Records supplied:
▼▼▼

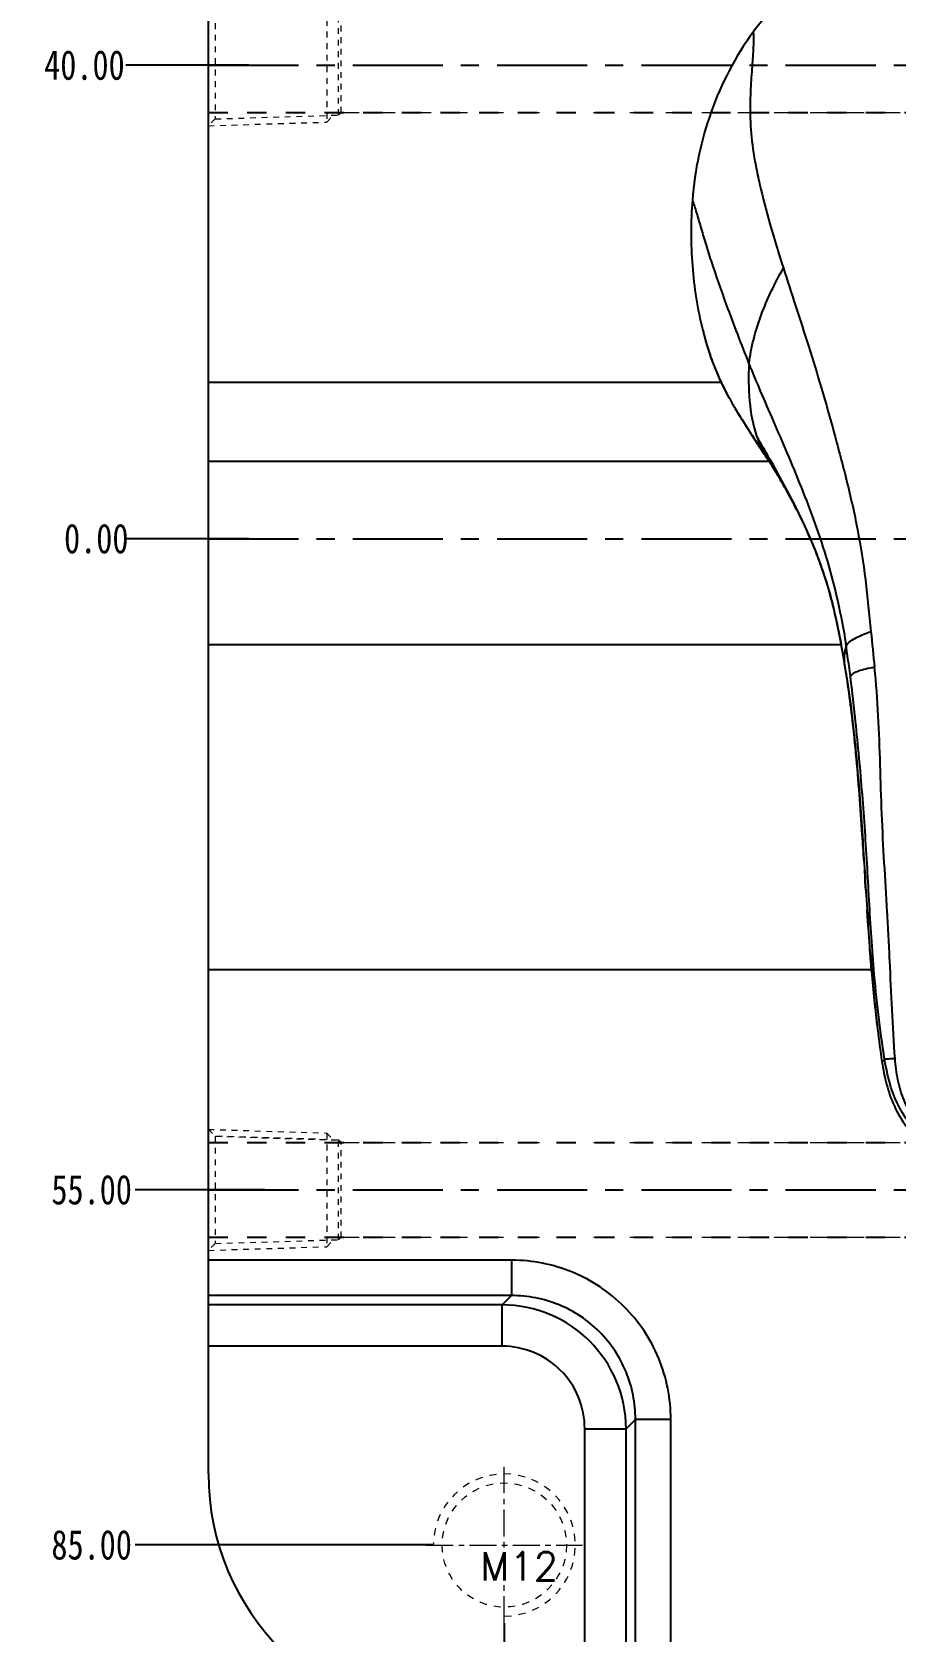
# Model space of a CAD drawing. Header units: millimetres. Extents: x 4 to 4769, y -754 to 1427.
# Drawn here: x 1904.3 to 1977.2, y 139.6 to 274.7 of the extents above; entities that cross this region are included whole.
import ezdxf

# ---------------------------------------------------------------- set-up
doc = ezdxf.new("R2010")
doc.units = ezdxf.units.MM
doc.header["$LTSCALE"] = 16.335
doc.header["$PDMODE"] = 3
doc.header["$PDSIZE"] = 0.3125
doc.linetypes.add('CENTER', pattern=[0.6, 0.375, -0.075, 0.075, -0.075])
doc.linetypes.add('HIDDEN', pattern=[0.2, 0.1, -0.1])
doc.layers.get('0').update_dxf_attribs({"linetype": 'CONTINUOUS'})
doc.layers.get('Defpoints').update_dxf_attribs({"linetype": 'CONTINUOUS'})
for name, color, linetype, lineweight in [('cool', 153, 'HIDDEN', 9), ('dim', 82, 'CONTINUOUS', 9), ('screw', 33, 'CONTINUOUS', 13)]:
    doc.layers.add(name, color=color, linetype=linetype, lineweight=lineweight)
doc.layers.add('DEFAULT_2', color=8, linetype='HIDDEN')
doc.styles.get("Standard").update_dxf_attribs({"font": 'txt', "width": 0.8})
doc.styles.add('TXT', font='txt.shx', dxfattribs={"bigfont": 'gbcbig.shx'})
doc.dimstyles.get("Standard").update_dxf_attribs({"dimtxt": 0.15625, "dimasz": 0.1875, "dimexe": 0.125, "dimexo": 0.0625, "dimtad": 0, "dimtih": 1, "dimtoh": 1, "dimdsep": 46, "dimtxsty": 'Standard', "dimcen": 0.09, "dimadec": 0, "dimazin": 0, "dimtp": 0.01, "dimtm": 0.01, "dimtfac": 1, "dimtofl": 0, "dimtmove": 0, "dimatfit": 3, "dimfxl": 0, "dimtolj": 1, "dimarcsym": 0})

# ---------------------------------------------------------------- blocks, each defined once
blk = doc.blocks.new('screw_m12_g')
at = {"layer": 'screw', "color": 1, "linetype": 'CENTER', "ltscale": 0.373186}
for p, q in [((0, -6.6), (0, 6.6)), ((-6.6, 0), (6.6, 0))]:
    blk.add_line(p, q, dxfattribs=at)
at = {"layer": 'screw', "color": 33, "linetype": 'HIDDEN', "ltscale": 0.373186}
blk.add_circle((0, 0), 5.25, dxfattribs=at)
at = {"layer": 'screw', "color": 92, "linetype": 'HIDDEN', "ltscale": 0.373186}
blk.add_arc((0, 0), 6, 270, 180, dxfattribs=at)
at = {"layer": 'screw', "color": 6, "style": 'TXT'}
blk.add_text('M12', height=2.4, dxfattribs=at).set_placement((-2.04, -3))
blk = doc.blocks.new('cool_jt_f11')
at = {"layer": 'cool', "ltscale": 0.3}
for p, q in [((0, 5.11), (0.58, 4.53)), ((0, 5.11), (10, 4.8)), ((0.58, 4.53), (0.58, -4.53)), ((11, 4.21), (0.58, 4.53)), ((0.58, 4.53), (11, 4.21)), ((10, 4.8), (10.58, 4.22)), ((10, 4.8), (10, -4.8)), ((11.21, 4), (11, 4.21)), ((11, -4.21), (11, 4.21)), ((11.21, -4), (11.21, 4)), ((11, -4.21), (11.21, -4)), ((0.58, -4.53), (0, -5.11)), ((0, -5.11), (10, -4.8)), ((0.58, -4.53), (11, -4.21)), ((10, -4.8), (10.58, -4.22))]:
    blk.add_line(p, q, dxfattribs=at)
blk = doc.blocks.new('*D158')
at = {"layer": 'Defpoints', "color": 0}
for p in [(1912.19, 231.89), (1922.57, 231.89), (2034.16, 231.89)]:
    blk.add_point(p, dxfattribs=at)
at = {"layer": 'dim', "color": 4, "lineweight": -2}
blk.add_line((1922.57, 231.89), (1912.19, 231.89), dxfattribs=at)
at = {"layer": 'dim', "color": 6, "insert": (1909.69, 231.89), "char_height": 2.5, "attachment_point": 5}
blk.add_mtext('\\A1;0.00', dxfattribs=at)
blk = doc.blocks.new('*D161')
at = {"layer": 'Defpoints', "color": 0}
for p in [(1912.19, 271.89), (1922.57, 271.89), (2034.16, 231.89)]:
    blk.add_point(p, dxfattribs=at)
at = {"layer": 'dim', "color": 4, "lineweight": -2}
blk.add_line((1922.57, 271.89), (1912.19, 271.89), dxfattribs=at)
at = {"layer": 'dim', "color": 6, "insert": (1908.69, 271.89), "char_height": 2.5, "attachment_point": 5}
blk.add_mtext('\\A1;40.00', dxfattribs=at)
blk = doc.blocks.new('*D162')
at = {"layer": 'Defpoints', "color": 0}
for p in [(1912.19, 316.89), (1937.56, 316.89), (2034.16, 231.89)]:
    blk.add_point(p, dxfattribs=at)
at = {"layer": 'dim', "color": 4, "lineweight": -2}
blk.add_line((1937.56, 316.89), (1912.19, 316.89), dxfattribs=at)
at = {"layer": 'dim', "color": 6, "insert": (1908.52, 316.89), "char_height": 2.5, "attachment_point": 5}
blk.add_mtext('\\A1;85.00', dxfattribs=at)
blk = doc.blocks.new('*D163')
at = {"layer": 'Defpoints', "color": 0}
for p in [(1944.16, 337.98), (1944.16, 320.15), (2034.16, 231.89)]:
    blk.add_point(p, dxfattribs=at)
at = {"layer": 'dim', "color": 4, "lineweight": -2}
blk.add_line((1944.16, 320.15), (1944.16, 337.98), dxfattribs=at)
at = {"layer": 'dim', "color": 6, "insert": (1944.16, 341.48), "char_height": 2.5, "attachment_point": 5, "rotation": 90}
blk.add_mtext('\\A1;90.00', dxfattribs=at)
blk = doc.blocks.new('*D159')
at = {"layer": 'Defpoints', "color": 0}
for p in [(2034.16, 231.89), (1944.16, 140.29), (1944.16, 127.88)]:
    blk.add_point(p, dxfattribs=at)
at = {"layer": 'dim', "color": 4, "lineweight": -2}
blk.add_line((1944.16, 140.29), (1944.16, 127.88), dxfattribs=at)
at = {"layer": 'dim', "color": 6, "insert": (1944.16, 124.38), "char_height": 2.5, "attachment_point": 5, "rotation": 90}
blk.add_mtext('\\A1;90.00', dxfattribs=at)
blk = doc.blocks.new('*D160')
at = {"layer": 'Defpoints', "color": 0}
for p in [(2034.16, 231.89), (1912.97, 146.89), (1938.16, 146.89)]:
    blk.add_point(p, dxfattribs=at)
at = {"layer": 'dim', "color": 4, "lineweight": -2}
blk.add_line((1938.16, 146.89), (1912.97, 146.89), dxfattribs=at)
at = {"layer": 'dim', "color": 6, "insert": (1909.3, 146.89), "char_height": 2.5, "attachment_point": 5}
blk.add_mtext('\\A1;85.00', dxfattribs=at)
blk = doc.blocks.new('*D164')
at = {"layer": 'Defpoints', "color": 0}
for p in [(2034.16, 231.89), (1912.97, 176.89), (1923.93, 176.89)]:
    blk.add_point(p, dxfattribs=at)
at = {"layer": 'dim', "color": 4, "lineweight": -2}
blk.add_line((1923.93, 176.89), (1912.97, 176.89), dxfattribs=at)
at = {"layer": 'dim', "color": 6, "insert": (1909.3, 176.89), "char_height": 2.5, "attachment_point": 5}
blk.add_mtext('\\A1;55.00', dxfattribs=at)

msp = doc.modelspace()

# ---------------------------------------------------------------- linework, layer by layer
at = {"color": 7, "linetype": 'Continuous'}
for p, q in [((1919.164, 152.885), (1919.164, 310.885)), ((1919.164, 245.127), (1962.476, 245.127)), ((1965.275, 240.364), (1965.299, 240.327)), ((1919.164, 238.43), (1966.525, 238.43)), ((1966.521, 238.437), (1966.526, 238.43)), ((1919.164, 222.964), (1972.623, 222.964)), ((1972.877, 221.54), (1972.891, 221.458)), ((1973.873, 213.717), (1973.869, 213.767)), ((1919.164, 195.506), (1975.181, 195.506)), ((1975.183, 195.506), (1975.166, 195.712)), ((1975.196, 195.357), (1975.183, 195.506)), ((1944.777, 170.947), (1919.164, 170.947)), ((1944.777, 170.947), (1944.777, 167.958)), ((1944.777, 167.958), (1919.164, 167.958)), ((1943.984, 167.165), (1944.777, 167.958)), ((1943.984, 167.165), (1919.164, 167.165)), ((1943.984, 163.678), (1943.984, 167.165)), ((1943.984, 163.678), (1919.164, 163.678)), ((1950.957, 131.885), (1950.957, 156.705)), ((1950.957, 156.705), (1954.444, 156.705)), ((1954.444, 156.705), (1955.237, 157.498)), ((1954.444, 131.885), (1954.444, 156.705)), ((1955.237, 131.885), (1955.237, 157.498)), ((1958.226, 157.498), (1955.237, 157.498)), ((1958.226, 131.885), (1958.226, 157.498))]:
    msp.add_line(p, q, dxfattribs=at)
at = {"color": 1, "linetype": 'CENTER', "ltscale": 1.243955}
for p, q in [((1919.164, 271.885), (2149.164, 271.885)), ((1919.164, 231.885), (2149.164, 231.885)), ((1919.164, 176.885), (2149.164, 176.885))]:
    msp.add_line(p, q, dxfattribs=at)
at = {"color": 7, "linetype": 'Continuous'}
for centre, radius, start, end in [((1987.249, 258.4), 27.42, 135.71897, 143.53935), ((1988.939, 258.006), 29.446, 208.95487, 210.86563), ((1820.154, 154.746), 168.762, 29.85766, 30.54357), ((1852.796, 173.531), 131.101, 29.71582, 29.83966), ((1890.647, 207.653), 83.393, 10.45222, 10.57952), ((1906.172, 212.21), 67.711, 9.04208, 9.19947), ((2303.801, 255.534), 330.171, 185.47225, 185.99834), ((1887.032, 206.989), 87.069, 10.06822, 10.45032), ((1879.768, 205.701), 94.447, 9.65387, 10.06698), ((1976.886, 221.718), 4.009, 178.17258, 180.35038), ((1976.852, 221.719), 3.975, 175.98532, 178.17131), ((1973.479, 221.567), 0.598, 182.54177, 190.46924), ((1976.864, 221.717), 3.986, 169.74127, 175.97284), ((1977.017, 221.688), 4.143, 163.68541, 169.71908), ((1761.85, 191.842), 213.456, 8.1202, 8.35325), ((1767.638, 192.668), 207.609, 7.88168, 8.1202), ((1894.427, 208.184), 79.578, 8.72656, 9.60184), ((1773.103, 193.424), 202.092, 7.63766, 7.88167), ((2113.169, 206.89), 138.455, 184.77805, 186.81776), ((2071.729, 202.099), 96.739, 186.9144, 188.54506), ((1943.963, 156.683), 10.481, 0.1162, 89.8838), ((1940.164, 152.885), 21, 180, 270)]:
    msp.add_arc(centre, radius, start, end, dxfattribs=at)
for points, knots in [([(1965.196, 274.695), (1963.688, 272.652), (1961.904, 269.201), (1960.516, 264.3), (1960.147, 261.77), (1960.051, 260.5)], [0, 0, 0, 0, 0.4993083, 0.7496561, 1, 1, 1, 1]), ([(1965.196, 274.694), (1965.235, 274.214), (1965.197, 273.171), (1965.067, 271.496), (1964.945, 269.554), (1964.905, 267.299), (1965.083, 265.204), (1965.403, 263.354), (1965.862, 261.233), (1966.623, 258.343), (1967.343, 255.987), (1967.738, 254.744)], [0, 0, 0, 0, 0.0712556, 0.1535292, 0.2485829, 0.3586631, 0.4866633, 0.5585382, 0.6359678, 0.8073403, 1, 1, 1, 1]), ([(1960.051, 260.5), (1959.982, 259.58), (1959.915, 257.734), (1960.047, 254.047), (1960.474, 251.296), (1960.926, 249.509)], [0, 0, 0, 0, 0.2501352, 0.5002591, 1, 1, 1, 1]), ([(1960.051, 260.5), (1960.173, 260.166), (1960.408, 259.418), (1960.755, 258.201), (1961.159, 256.821), (1961.861, 254.615), (1963.057, 251.203), (1964.169, 248.324), (1964.831, 246.671)], [0, 0, 0, 0, 0.0727499, 0.1606717, 0.2592435, 0.367534, 0.6350749, 1, 1, 1, 1]), ([(1964.831, 246.671), (1965.006, 248.067), (1965.758, 250.872), (1967.014, 253.469), (1967.738, 254.745)], [0, 0, 0, 0, 0.4896246, 1, 1, 1, 1]), ([(1967.738, 254.745), (1968.074, 253.687), (1968.789, 251.505), (1969.889, 248.126), (1970.985, 244.527), (1972.063, 240.733), (1973.107, 236.771), (1974.061, 232.657), (1974.704, 228.389), (1974.994, 225.502), (1975.134, 224.047)], [0, 0, 0, 0, 0.105186, 0.2176295, 0.3367166, 0.4616105, 0.591363, 0.7250203, 0.8615637, 1, 1, 1, 1]), ([(1960.926, 249.509), (1961.069, 248.945), (1961.388, 247.825), (1961.914, 246.364), (1962.309, 245.477), (1962.476, 245.127)], [0, 0, 0, 0, 0.3749955, 0.7499771, 1, 1, 1, 1]), ([(1964.831, 246.671), (1964.78, 245.626), (1964.791, 243.548), (1965.164, 241.482), (1965.5, 240.51)], [0, 0, 0, 0, 0.5040842, 1, 1, 1, 1]), ([(1964.831, 246.671), (1965.14, 245.899), (1965.813, 244.292), (1966.897, 241.793), (1968.067, 239.098), (1969.262, 236.214), (1970.435, 233.164), (1971.504, 229.951), (1972.377, 226.559), (1972.819, 224.228), (1973.012, 223.035)], [0, 0, 0, 0, 0.0994542, 0.2082468, 0.3257726, 0.4507921, 0.5815349, 0.7165274, 0.855496, 1, 1, 1, 1]), ([(1962.476, 245.127), (1962.526, 245.016), (1962.744, 244.55), (1962.983, 244.094), (1963.173, 243.751)], [0, 0, 0, 0, 0.2366539, 1, 1, 1, 1]), ([(1963.663, 242.9), (1963.783, 242.697), (1964.304, 241.842), (1964.856, 241.006), (1965.275, 240.364)], [0, 0, 0, 0, 0.2348024, 1, 1, 1, 1]), ([(1965.5, 240.51), (1965.625, 240.145), (1965.921, 239.43), (1966.309, 238.76), (1966.521, 238.437)], [0, 0, 0, 0, 0.4996956, 1, 1, 1, 1]), ([(1965.299, 240.327), (1965.501, 240.018), (1965.91, 239.386), (1966.314, 238.751), (1966.525, 238.43)], [0, 0, 0, 0, 0.4902808, 1, 1, 1, 1]), ([(1966.526, 238.43), (1966.722, 238.13), (1967.176, 237.395), (1967.911, 236.117), (1968.766, 234.527), (1970.03, 231.94), (1971.195, 228.992), (1972.083, 225.691), (1972.449, 223.893), (1972.623, 222.964)], [0, 0, 0, 0, 0.0642048, 0.1549316, 0.26424, 0.3876444, 0.6712007, 0.8306, 1, 1, 1, 1]), ([(1972.488, 223.706), (1972.188, 225.233), (1971.522, 228.128), (1970.021, 232.086), (1968.359, 235.481), (1967.207, 237.553), (1966.657, 238.518)], [0, 0, 0, 0, 0.2917644, 0.5556479, 0.7916947, 1, 1, 1, 1]), ([(1973.041, 222.852), (1973.067, 222.906), (1973.148, 223.016), (1973.386, 223.235), (1973.81, 223.498), (1974.426, 223.79), (1974.888, 223.964), (1975.134, 224.047)], [0, 0, 0, 0, 0.0736353, 0.1645261, 0.3959981, 0.68118, 1, 1, 1, 1]), ([(1973.869, 213.767), (1973.813, 214.36), (1973.578, 216.719), (1973.278, 219.072), (1972.998, 220.825)], [0, 0, 0, 0, 0.2510849, 1, 1, 1, 1]), ([(1973.084, 220.258), (1973.395, 218.234), (1973.872, 214.141), (1974.352, 207.96), (1974.728, 201.736), (1975.007, 197.582), (1975.181, 195.506)], [0, 0, 0, 0, 0.247187, 0.4972781, 0.7485157, 1, 1, 1, 1]), ([(1975.437, 221.031), (1975.19, 220.989), (1974.735, 220.897), (1974.133, 220.724), (1973.728, 220.554), (1973.504, 220.402), (1973.427, 220.323), (1973.402, 220.284)], [0, 0, 0, 0, 0.340906, 0.6318564, 0.8535209, 0.9359307, 1, 1, 1, 1]), ([(1975.379, 195.524), (1975.291, 196.559), (1975.139, 198.632), (1974.964, 201.745), (1974.791, 204.858), (1974.526, 208.998), (1974.182, 213.122), (1973.766, 217.225), (1973.531, 219.267), (1973.402, 220.284)], [0, 0, 0, 0, 0.1255005, 0.2509792, 0.3765032, 0.5019926, 0.7518798, 0.8761858, 1, 1, 1, 1]), ([(1977.171, 187.977), (1977.078, 189.352), (1976.918, 192.105), (1976.762, 195.548), (1976.631, 198.305), (1976.48, 201.064), (1976.261, 204.511), (1976.041, 208.651), (1975.92, 212.791), (1975.79, 216.922), (1975.587, 219.667), (1975.437, 221.031)], [0, 0, 0, 0, 0.1248666, 0.249879, 0.3124334, 0.3750163, 0.5002477, 0.6254982, 0.7506858, 0.8756462, 1, 1, 1, 1]), ([(1974.557, 204.61), (1974.508, 205.372), (1974.31, 208.409), (1974.086, 211.446), (1973.873, 213.717)], [0, 0, 0, 0, 0.2506537, 1, 1, 1, 1]), ([(1976.295, 187.911), (1976.243, 187.869), (1976.166, 187.807), (1976.09, 187.744), (1976.064, 187.725)], [0, 0, 0, 0, 0.6759062, 1, 1, 1, 1]), ([(1977.171, 187.977), (1976.983, 187.966), (1976.729, 187.949), (1976.437, 187.926), (1976.333, 187.917), (1976.295, 187.912)], [0, 0, 0, 0, 0.6446724, 0.868606, 1, 1, 1, 1]), ([(1986.664, 178.544), (1986.024, 178.544), (1984.742, 178.635), (1982.871, 179.111), (1981.139, 179.967), (1979.598, 181.128), (1978.294, 182.55), (1976.953, 184.749), (1976.501, 186.652), (1976.295, 187.912)], [0, 0, 0, 0, 0.1251071, 0.2501319, 0.3751697, 0.5002457, 0.6253162, 0.7503572, 1, 1, 1, 1]), ([(1986.664, 179.024), (1985.46, 179.021), (1983.621, 179.3), (1981.444, 180.373), (1979.992, 181.476), (1978.777, 182.836), (1977.87, 184.424), (1977.365, 186.176), (1977.216, 187.376), (1977.171, 187.977)], [0, 0, 0, 0, 0.2494247, 0.3745878, 0.4997783, 0.6249528, 0.7500511, 0.875057, 1, 1, 1, 1]), ([(1976.064, 187.725), (1976.161, 187.079), (1976.412, 185.793), (1977.052, 183.929), (1978.065, 182.231), (1979.418, 180.793), (1981.012, 179.633), (1982.79, 178.776), (1984.699, 178.278), (1986.01, 178.175), (1986.664, 178.175)], [0, 0, 0, 0, 0.1250324, 0.2500008, 0.3749116, 0.4998606, 0.6248624, 0.7498945, 0.8749343, 1, 1, 1, 1]), ([(1958.226, 157.498), (1958.226, 158.377), (1958.053, 160.14), (1957.286, 162.68), (1956.038, 165.022), (1954.355, 167.075), (1952.303, 168.758), (1949.96, 170.007), (1947.42, 170.774), (1945.656, 170.946), (1944.777, 170.947)], [0, 0, 0, 0, 0.1250012, 0.2499863, 0.3749729, 0.4999577, 0.624944, 0.7499478, 0.8749773, 1, 1, 1, 1]), ([(1955.237, 157.498), (1955.238, 158.182), (1955.108, 159.555), (1954.515, 161.533), (1953.545, 163.358), (1952.236, 164.956), (1950.638, 166.266), (1948.813, 167.235), (1946.834, 167.828), (1945.461, 167.959), (1944.777, 167.958)], [0, 0, 0, 0, 0.1249848, 0.2499667, 0.3749602, 0.4999575, 0.6249562, 0.7499671, 0.8749937, 1, 1, 1, 1]), ([(1950.957, 156.705), (1950.957, 157.612), (1950.597, 159.447), (1949.046, 161.767), (1946.726, 163.318), (1944.891, 163.678), (1943.984, 163.678)], [0, 0, 0, 0, 0.2500319, 0.5000241, 0.7499744, 1, 1, 1, 1])]:
    msp.add_open_spline(points, degree=3, knots=knots, dxfattribs=at)
for points in [[(1975.181, 195.506), (1975.323, 193.819), (1975.489, 192.134), (1975.694, 190.453)], [(1976.295, 187.912), (1975.882, 190.434), (1975.596, 192.977), (1975.379, 195.524)]]:
    msp.add_open_spline(points, degree=3, dxfattribs=at)
at = {"layer": 'cool', "ltscale": 0.932966}
for p, q in [((1930.374, 267.885), (2137.954, 267.885)), ((1930.374, 180.885), (2137.954, 180.885)), ((1930.374, 172.885), (2137.954, 172.885))]:
    msp.add_line(p, q, dxfattribs=at)
at = {"layer": 'DEFAULT_2', "color": 8, "linetype": 'HIDDEN'}
for p, q in [((1919.164, 267.885), (2149.164, 267.885)), ((1972.895, 221.459), (1972.881, 221.54)), ((1919.164, 180.885), (2149.164, 180.885)), ((1919.164, 172.885), (2149.164, 172.885))]:
    msp.add_line(p, q, dxfattribs=at)
for points in [[(1960.926, 249.509), (1961.167, 248.612), (1961.65, 247.099), (1962.324, 245.433), (1962.919, 244.22), (1963.173, 243.751)], [(1963.663, 242.9), (1963.783, 242.698), (1963.957, 242.412), (1964.225, 241.977), (1964.65, 241.301), (1965.222, 240.412), (1966.52, 238.437)]]:
    msp.add_lwpolyline(points, dxfattribs=at)
for centre, radius, start, end in [((1901.372, 209.751), 72.473, 10.51061, 11.10202), ((1891.3, 207.884), 82.716, 9.9295, 10.50969), ((1880.164, 205.929), 94.022, 9.55774, 9.93293), ((1976.944, 221.719), 4.067, 180.35161, 182.5123), ((1890.021, 207.593), 84.026, 9.06037, 9.49822)]:
    msp.add_arc(centre, radius, start, end, dxfattribs=at)
msp.add_open_spline([(1975.166, 195.712), (1975.104, 196.453), (1974.877, 199.418), (1974.699, 202.385), (1974.557, 204.61)], degree=3, knots=[0, 0, 0, 0, 0.2501097, 1, 1, 1, 1], dxfattribs=at)

# ---------------------------------------------------------------- block references
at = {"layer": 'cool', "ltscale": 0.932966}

▲▲▲

Please return each line of the listing above that contains "radius".

Solution below:
for centre, radius, start, end in [((1987.249, 258.4), 27.42, 135.71897, 143.53935), ((1988.939, 258.006), 29.446, 208.95487, 210.86563), ((1820.154, 154.746), 168.762, 29.85766, 30.54357), ((1852.796, 173.531), 131.101, 29.71582, 29.83966), ((1890.647, 207.653), 83.393, 10.45222, 10.57952), ((1906.172, 212.21), 67.711, 9.04208, 9.19947), ((2303.801, 255.534), 330.171, 185.47225, 185.99834), ((1887.032, 206.989), 87.069, 10.06822, 10.45032), ((1879.768, 205.701), 94.447, 9.65387, 10.06698), ((1976.886, 221.718), 4.009, 178.17258, 180.35038), ((1976.852, 221.719), 3.975, 175.98532, 178.17131), ((1973.479, 221.567), 0.598, 182.54177, 190.46924), ((1976.864, 221.717), 3.986, 169.74127, 175.97284), ((1977.017, 221.688), 4.143, 163.68541, 169.71908), ((1761.85, 191.842), 213.456, 8.1202, 8.35325), ((1767.638, 192.668), 207.609, 7.88168, 8.1202), ((1894.427, 208.184), 79.578, 8.72656, 9.60184), ((1773.103, 193.424), 202.092, 7.63766, 7.88167), ((2113.169, 206.89), 138.455, 184.77805, 186.81776), ((2071.729, 202.099), 96.739, 186.9144, 188.54506), ((1943.963, 156.683), 10.481, 0.1162, 89.8838), ((1940.164, 152.885), 21, 180, 270)]:
    msp.add_arc(centre, radius, start, end, dxfattribs=at)
for centre, radius, start, end in [((1901.372, 209.751), 72.473, 10.51061, 11.10202), ((1891.3, 207.884), 82.716, 9.9295, 10.50969), ((1880.164, 205.929), 94.022, 9.55774, 9.93293), ((1976.944, 221.719), 4.067, 180.35161, 182.5123), ((1890.021, 207.593), 84.026, 9.06037, 9.49822)]:
    msp.add_arc(centre, radius, start, end, dxfattribs=at)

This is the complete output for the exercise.